Assigned task | Pick the lines holding the string "import" out of the records and copy them.

Collected data entries |
══════

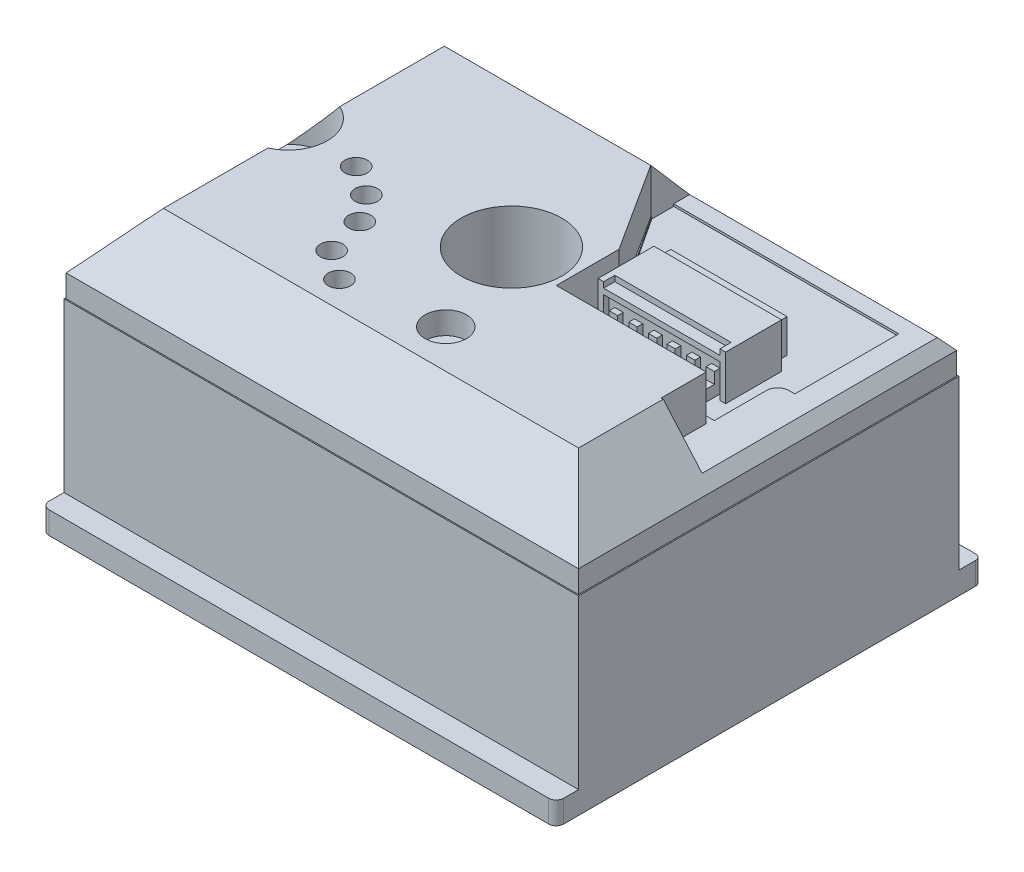
from build123d import *
from OCP.BRepFilletAPI import BRepFilletAPI_MakeChamfer

# Parameters (mm, degrees)
SKETCH1_W           = 46
SKETCH1_H           = 34
SKETCH1_R           = 4.5
BOSS_EXTRUDE1_DEPTH = 17
SKETCH2_W           = 45.8
SKETCH2_H           = 33.8
BOSS_EXTRUDE2_DEPTH = 2
SKETCH3_W           = 45.8
SKETCH3_H           = 33.8
BOSS_EXTRUDE3_DEPTH = 5
CHAMFER1_SIZE       = 5
CHAMFER1_SIZE2      = 4.346433689
SKETCH5_R           = 4.5
CUT_EXTRUDE1_DEPTH  = 63.032249677
CUT_EXTRUDE2_DEPTH  = 4
CUT_EXTRUDE3_DEPTH  = 4.5
CUT_EXTRUDE4_DEPTH  = 0.2
SKETCH11_W          = 11.4
SKETCH11_H          = 5
BOSS_EXTRUDE4_DEPTH = 4
SKETCH12_W          = 10.4
SKETCH12_H          = 1
CUT_EXTRUDE5_DEPTH  = 0.5
SKETCH13_W          = 10.4
SKETCH13_H          = 3
CUT_EXTRUDE6_DEPTH  = 0.5
SKETCH14_W          = 0.75
SKETCH14_H          = 2
BOSS_EXTRUDE5_DEPTH = 0.5
SKETCH15_W          = 0.75
SKETCH15_H          = 1
BOSS_EXTRUDE6_DEPTH = 1
SKETCH16_W          = 10.4
SKETCH16_H          = 3
BOSS_EXTRUDE7_DEPTH = 1
CUT_EXTRUDE7_DEPTH  = 1
SKETCH19_R          = 1
CUT_EXTRUDE8_DEPTH  = 2
SKETCH20_R          = 1.848835828
CUT_EXTRUDE9_DEPTH  = 2
BOSS_EXTRUDE8_DEPTH = 2
BOSS_EXTRUDE9_DEPTH = 2


with BuildPart() as part:
    # Sketch1 → Boss-Extrude1 (new body)
    with BuildSketch(Plane(origin=(0, 0, 0), x_dir=(1, 0, 0), z_dir=(0, 1, 0))):
        with Locations((23, 17)):
            Rectangle(SKETCH1_W, SKETCH1_H)
        with Locations(Location((23, 17, 0), (0, 0, 270))):
            Circle(SKETCH1_R, mode=Mode.SUBTRACT)
    extrude(amount=BOSS_EXTRUDE1_DEPTH)

    # Sketch2 → Boss-Extrude2 (add)
    with BuildSketch(Plane(origin=(0, 17, 0), x_dir=(1, 0, 0), z_dir=(0, 1, 0))):
        with Locations((23, 17)):
            Rectangle(SKETCH2_W, SKETCH2_H)
    extrude(amount=BOSS_EXTRUDE2_DEPTH)

    # Sketch3 → Boss-Extrude3 (add)
    with BuildSketch(Plane(origin=(0, 19, 0), x_dir=(1, 0, 0), z_dir=(0, 1, 0))):
        with Locations((23, 17)):
            Rectangle(SKETCH3_W, SKETCH3_H)
    extrude(amount=BOSS_EXTRUDE3_DEPTH)

    # Chamfer1: one chamfer whose edges measure the first distance from different faces: ONE call of the kernel's chamfer builder (chamfer() names one face for all edges)
    chamfer1_edges_1 = [part.edges().sort_by_distance(p)[0] for p in [
        (23, 24, -33.9),
    ]]
    chamfer1_side_1 = [part.faces().sort_by_distance(p)[0] for p in [
        (23, 20.5, -33.9),
    ]]
    chamfer1_edges_2 = [part.edges().sort_by_distance(p)[0] for p in [
        (0.1, 24, -17),
    ]]
    chamfer1_side_2 = [part.faces().sort_by_distance(p)[0] for p in [
        (0.1, 20.5, -17),
    ]]
    chamfer1_edges_3 = [part.edges().sort_by_distance(p)[0] for p in [
        (23, 24, -0.1),
    ]]
    chamfer1_side_3 = [part.faces().sort_by_distance(p)[0] for p in [
        (23, 20.5, -0.1),
    ]]
    chamfer1_edges_4 = [part.edges().sort_by_distance(p)[0] for p in [
        (45.9, 24, -17),
    ]]
    chamfer1_side_4 = [part.faces().sort_by_distance(p)[0] for p in [
        (45.9, 20.5, -17),
    ]]
    chamfer1 = BRepFilletAPI_MakeChamfer(part.part.solid().wrapped)
    for e in chamfer1_edges_1:
        chamfer1.Add(CHAMFER1_SIZE, CHAMFER1_SIZE2, e.wrapped, chamfer1_side_1[0].wrapped)  # the first distance lies on this face
    for e in chamfer1_edges_2:
        chamfer1.Add(CHAMFER1_SIZE, CHAMFER1_SIZE2, e.wrapped, chamfer1_side_2[0].wrapped)  # the first distance lies on this face
    for e in chamfer1_edges_3:
        chamfer1.Add(CHAMFER1_SIZE, CHAMFER1_SIZE2, e.wrapped, chamfer1_side_3[0].wrapped)  # the first distance lies on this face
    for e in chamfer1_edges_4:
        chamfer1.Add(CHAMFER1_SIZE, CHAMFER1_SIZE2, e.wrapped, chamfer1_side_4[0].wrapped)  # the first distance lies on this face
    add(Compound.cast(chamfer1.Shape()), mode=Mode.REPLACE)

    # Sketch5 → Cut-Extrude1 (cut, through all)
    with BuildSketch(Plane(origin=(0, 24, 0), x_dir=(1, 0, 0), z_dir=(0, 1, 0))):
        with Locations(Location((23, 17, 0), (0, 0, 270))):
            Circle(SKETCH5_R)
    extrude(amount=-CUT_EXTRUDE1_DEPTH, mode=Mode.SUBTRACT)

    # Sketch7 → Cut-Extrude2 (cut)
    with BuildSketch(Plane(origin=(0, 24, 0), x_dir=(1, 0, 0), z_dir=(0, 1, 0))):
        Polygon((41.375862069, 12.011652794), (41.553566311, 12.011652794), (41.553566311, 29.553566311), (22.9, 29.553566311), (27.975862069, 21.638287753), (27.975862069, 16.037336504), (41.375862069, 16.037336504), align=None)
        Polygon((45.9, 12.011652794), (45.9, 33.9), (22.9, 34), (22.9, 29.553566311), (41.553566311, 29.553566311), (41.553566311, 12.011652794), align=None)
    extrude(amount=-CUT_EXTRUDE2_DEPTH, mode=Mode.SUBTRACT)

    # Sketch9 → Cut-Extrude3 (cut)
    with BuildSketch(Plane(origin=(0, 24, 0), x_dir=(1, 0, 0), z_dir=(0, 1, 0))):
        with BuildLine():
            Line((0.1, 17), (0.1, 15.1))
            ThreePointArc((0.1, 15.1), (4.029878247, 13.643077531), (6.539387691, 17))
            Line((6.539387691, 17), (0.1, 17))
        make_face()
        with BuildLine():
            Line((0.1, 18.9), (0.1, 17))
            Line((0.1, 17), (6.539387691, 17))
            ThreePointArc((6.539387691, 17), (4.029878247, 20.356922469), (0.1, 18.9))
        make_face()
        with BuildLine():
            Line((0.1, 17), (0.1, 15.1))
            ThreePointArc((0.1, 15.1), (4.029878247, 13.643077531), (6.539387691, 17))
            Line((6.539387691, 17), (0.1, 17))
        make_face()
        with BuildLine():
            Line((0.1, 18.9), (0.1, 17))
            Line((0.1, 17), (6.539387691, 17))
            ThreePointArc((6.539387691, 17), (4.029878247, 20.356922469), (0.1, 18.9))
        make_face()
        with BuildLine():
            Line((0.1, 17), (0.1, 15.1))
            ThreePointArc((0.1, 15.1), (4.029878247, 13.643077531), (6.539387691, 17))
            Line((6.539387691, 17), (0.1, 17))
        make_face()
        with BuildLine():
            Line((0.1, 18.9), (0.1, 17))
            Line((0.1, 17), (6.539387691, 17))
            ThreePointArc((6.539387691, 17), (4.029878247, 20.356922469), (0.1, 18.9))
        make_face()
        with BuildLine():
            Line((0.1, 17), (0.1, 15.1))
            ThreePointArc((0.1, 15.1), (4.029878247, 13.643077531), (6.539387691, 17))
            Line((6.539387691, 17), (0.1, 17))
        make_face()
        with BuildLine():
            Line((0.1, 18.9), (0.1, 17))
            Line((0.1, 17), (6.539387691, 17))
            ThreePointArc((6.539387691, 17), (4.029878247, 20.356922469), (0.1, 18.9))
        make_face()
    extrude(amount=-CUT_EXTRUDE3_DEPTH, mode=Mode.SUBTRACT)

    # Sketch10 → Cut-Extrude4 (cut)
    with BuildSketch(Plane(origin=(0, 20, 0), x_dir=(1, 0, 0), z_dir=(0, 1, 0))):
        with BuildLine():
            Line((43.030713262, 22.3), (42.5, 22.3))
            ThreePointArc((42.5, 22.3), (41.792893219, 22.007106781), (41.5, 21.3))
            Line((41.5, 21.3), (41.5, 16.641494247))
            Line((41.5, 16.641494247), (28.1, 16.641494247))
            Line((28.1, 16.641494247), (28.1, 21.726215688))
            Line((28.1, 21.726215688), (22.9, 29.641494247))
            Line((22.9, 29.641494247), (22.9, 31.6))
            Line((22.9, 31.6), (43.030713262, 31.6))
            Line((43.030713262, 31.6), (43.030713262, 22.3))
        make_face()
    extrude(amount=-CUT_EXTRUDE4_DEPTH, mode=Mode.SUBTRACT)

    # Sketch11 → Boss-Extrude4 (add)
    with BuildSketch(Plane(origin=(0, 19.8, 0), x_dir=(1, 0, 0), z_dir=(0, 1, 0))):
        with Locations((34.8, 21.141494247)):
            Rectangle(SKETCH11_W, SKETCH11_H)
    extrude(amount=BOSS_EXTRUDE4_DEPTH)

    # Sketch12 → Cut-Extrude5 (cut)
    with BuildSketch(Plane(origin=(0, 23.8, 0), x_dir=(1, 0, 0), z_dir=(0, 1, 0))):
        with Locations((34.8, 19.141494247)):
            Rectangle(SKETCH12_W, SKETCH12_H)
    extrude(amount=-CUT_EXTRUDE5_DEPTH, mode=Mode.SUBTRACT)

    # Sketch13 → Cut-Extrude6 (cut)
    with BuildSketch(Plane.XY.offset(-18.641494247)):
        with Locations((34.8, 21.3)):
            Rectangle(SKETCH13_W, SKETCH13_H)
    extrude(amount=-CUT_EXTRUDE6_DEPTH, mode=Mode.SUBTRACT)

    # Sketch14 → Boss-Extrude5 (add)
    with BuildSketch(Plane.XY.offset(-19.141494247)):
        with Locations((30.475, 20.8)):
            Rectangle(SKETCH14_W, SKETCH14_H)
        with Locations((32.225, 20.8)):
            Rectangle(SKETCH14_W, SKETCH14_H)
        with Locations((33.975, 20.8)):
            Rectangle(SKETCH14_W, SKETCH14_H)
        with Locations((35.625, 20.8)):
            Rectangle(SKETCH14_W, SKETCH14_H)
        with Locations((37.375, 20.8)):
            Rectangle(SKETCH14_W, SKETCH14_H)
        with Locations((39.125, 20.8)):
            Rectangle(SKETCH14_W, SKETCH14_H)
    extrude(amount=BOSS_EXTRUDE5_DEPTH)

    # Sketch15 → Boss-Extrude6 (add)
    with BuildSketch(Plane.XY.offset(-18.641494247)):
        with Locations((30.475, 20.3)):
            Rectangle(SKETCH15_W, SKETCH15_H)
        with Locations((32.225, 20.3)):
            Rectangle(SKETCH15_W, SKETCH15_H)
        with Locations((33.975, 20.3)):
            Rectangle(SKETCH15_W, SKETCH15_H)
        with Locations((35.625, 20.3)):
            Rectangle(SKETCH15_W, SKETCH15_H)
        with Locations((37.375, 20.3)):
            Rectangle(SKETCH15_W, SKETCH15_H)
        with Locations((39.125, 20.3)):
            Rectangle(SKETCH15_W, SKETCH15_H)
    extrude(amount=BOSS_EXTRUDE6_DEPTH)

    # Sketch16 → Boss-Extrude7 (add)
    with BuildSketch(Plane(origin=(0, 0, -23.641494247), x_dir=(-1, 0, 0), z_dir=(0, 0, -1))):
        with Locations((-34.8, 21.8)):
            Rectangle(SKETCH16_W, SKETCH16_H)
    extrude(amount=BOSS_EXTRUDE7_DEPTH)

    # Sketch18 → Cut-Extrude7 (cut)
    with BuildSketch(Plane(origin=(0, 0, -24.641494247), x_dir=(-1, 0, 0), z_dir=(0, 0, -1))):
        Polygon((-38.5, 22.851547848), (-37.641246713, 22.851547848), (-37.641246713, 21.62271547), (-37.883028636, 21.62271547), (-37.883028636, 21.05), (-38.258218077, 21.05), (-38.258218077, 21.62271547), (-38.5, 21.62271547), align=None)
        Polygon((-35.782493426, 22.851547848), (-34.923740138, 22.851547848), (-34.923740138, 21.62271547), (-35.165522062, 21.62271547), (-35.165522062, 21.05), (-35.540711502, 21.05), (-35.540711502, 21.62271547), (-35.782493426, 21.62271547), align=None)
        Polygon((-37.141246713, 22.851547848), (-36.282493426, 22.851547848), (-36.282493426, 21.62271547), (-36.524275349, 21.62271547), (-36.524275349, 21.05), (-36.89946479, 21.05), (-36.89946479, 21.62271547), (-37.141246713, 21.62271547), align=None)
        Polygon((-34.423740138, 22.851547848), (-33.564986851, 22.851547848), (-33.564986851, 21.62271547), (-33.806768774, 21.62271547), (-33.806768774, 21.05), (-34.181958215, 21.05), (-34.181958215, 21.62271547), (-34.423740138, 21.62271547), align=None)
        Polygon((-33.064986851, 22.851547848), (-32.206233564, 22.851547848), (-32.206233564, 21.62271547), (-32.448015487, 21.62271547), (-32.448015487, 21.05), (-32.823204928, 21.05), (-32.823204928, 21.62271547), (-33.064986851, 21.62271547), align=None)
        Polygon((-31.706233564, 22.851547848), (-30.847480277, 22.851547848), (-30.847480277, 21.62271547), (-31.0892622, 21.62271547), (-31.0892622, 21.05), (-31.464451641, 21.05), (-31.464451641, 21.62271547), (-31.706233564, 21.62271547), align=None)
    extrude(amount=-CUT_EXTRUDE7_DEPTH, mode=Mode.SUBTRACT)

    # Sketch19 → Cut-Extrude8 (cut)
    with BuildSketch(Plane(origin=(0, 24, 0), x_dir=(1, 0, 0), z_dir=(0, 1, 0))):
        with Locations(Location((9.822889118, 16.294475275, 0), (0, 0, 270))):
            Circle(SKETCH19_R)
        with Locations(Location((12.479656801, 14.55031441, 0), (0, 0, 270))):
            Circle(SKETCH19_R)
        with Locations(Location((14.248903695, 12.19430902, 0), (0, 0, 270))):
            Circle(SKETCH19_R)
        with Locations(Location((15.225409883, 8.704826885, 0), (0, 0, 270))):
            Circle(SKETCH19_R)
        with Locations(Location((17.811892688, 6.813228664, 0), (0, 0, 270))):
            Circle(SKETCH19_R)
    extrude(amount=-CUT_EXTRUDE8_DEPTH, mode=Mode.SUBTRACT)

    # Sketch20 → Cut-Extrude9 (cut)
    with BuildSketch(Plane(origin=(0, 24, 0), x_dir=(1, 0, 0), z_dir=(0, 1, 0))):
        with Locations(Location((26.228756872, 7.901616706, 0), (0, 0, 270))):
            Circle(SKETCH20_R)
    extrude(amount=-CUT_EXTRUDE9_DEPTH, mode=Mode.SUBTRACT)

    # Sketch21 → Boss-Extrude8 (add)
    with BuildSketch(Plane.XZ):
        with BuildLine():
            Line((46, -34), (22.948134598, -34))
            Line((22.948134598, -34), (22.948134598, -35.5))
            ThreePointArc((22.948134598, -35.5), (23.094581208, -35.853553391), (23.448134598, -36))
            Line((23.448134598, -36), (45.5, -36))
            ThreePointArc((45.5, -36), (45.853553391, -35.853553391), (46, -35.5))
            Line((46, -35.5), (46, -34))
        make_face()
    extrude(amount=-BOSS_EXTRUDE8_DEPTH)

    # Sketch22 → Boss-Extrude9 (add)
    with BuildSketch(Plane.XZ):
        with BuildLine():
            Line((46, 0), (0, 0))
            Line((0, 0), (0, 1.328354237))
            ThreePointArc((0, 1.328354237), (0.196720489, 1.803279511), (0.671645763, 2))
            Line((0.671645763, 2), (45.328354237, 2))
            ThreePointArc((45.328354237, 2), (45.803279511, 1.803279511), (46, 1.328354237))
            Line((46, 1.328354237), (46, 0))
        make_face()
    extrude(amount=-BOSS_EXTRUDE9_DEPTH)


solid = part.part

══════

Exercise result |
from build123d import *
from OCP.BRepFilletAPI import BRepFilletAPI_MakeChamfer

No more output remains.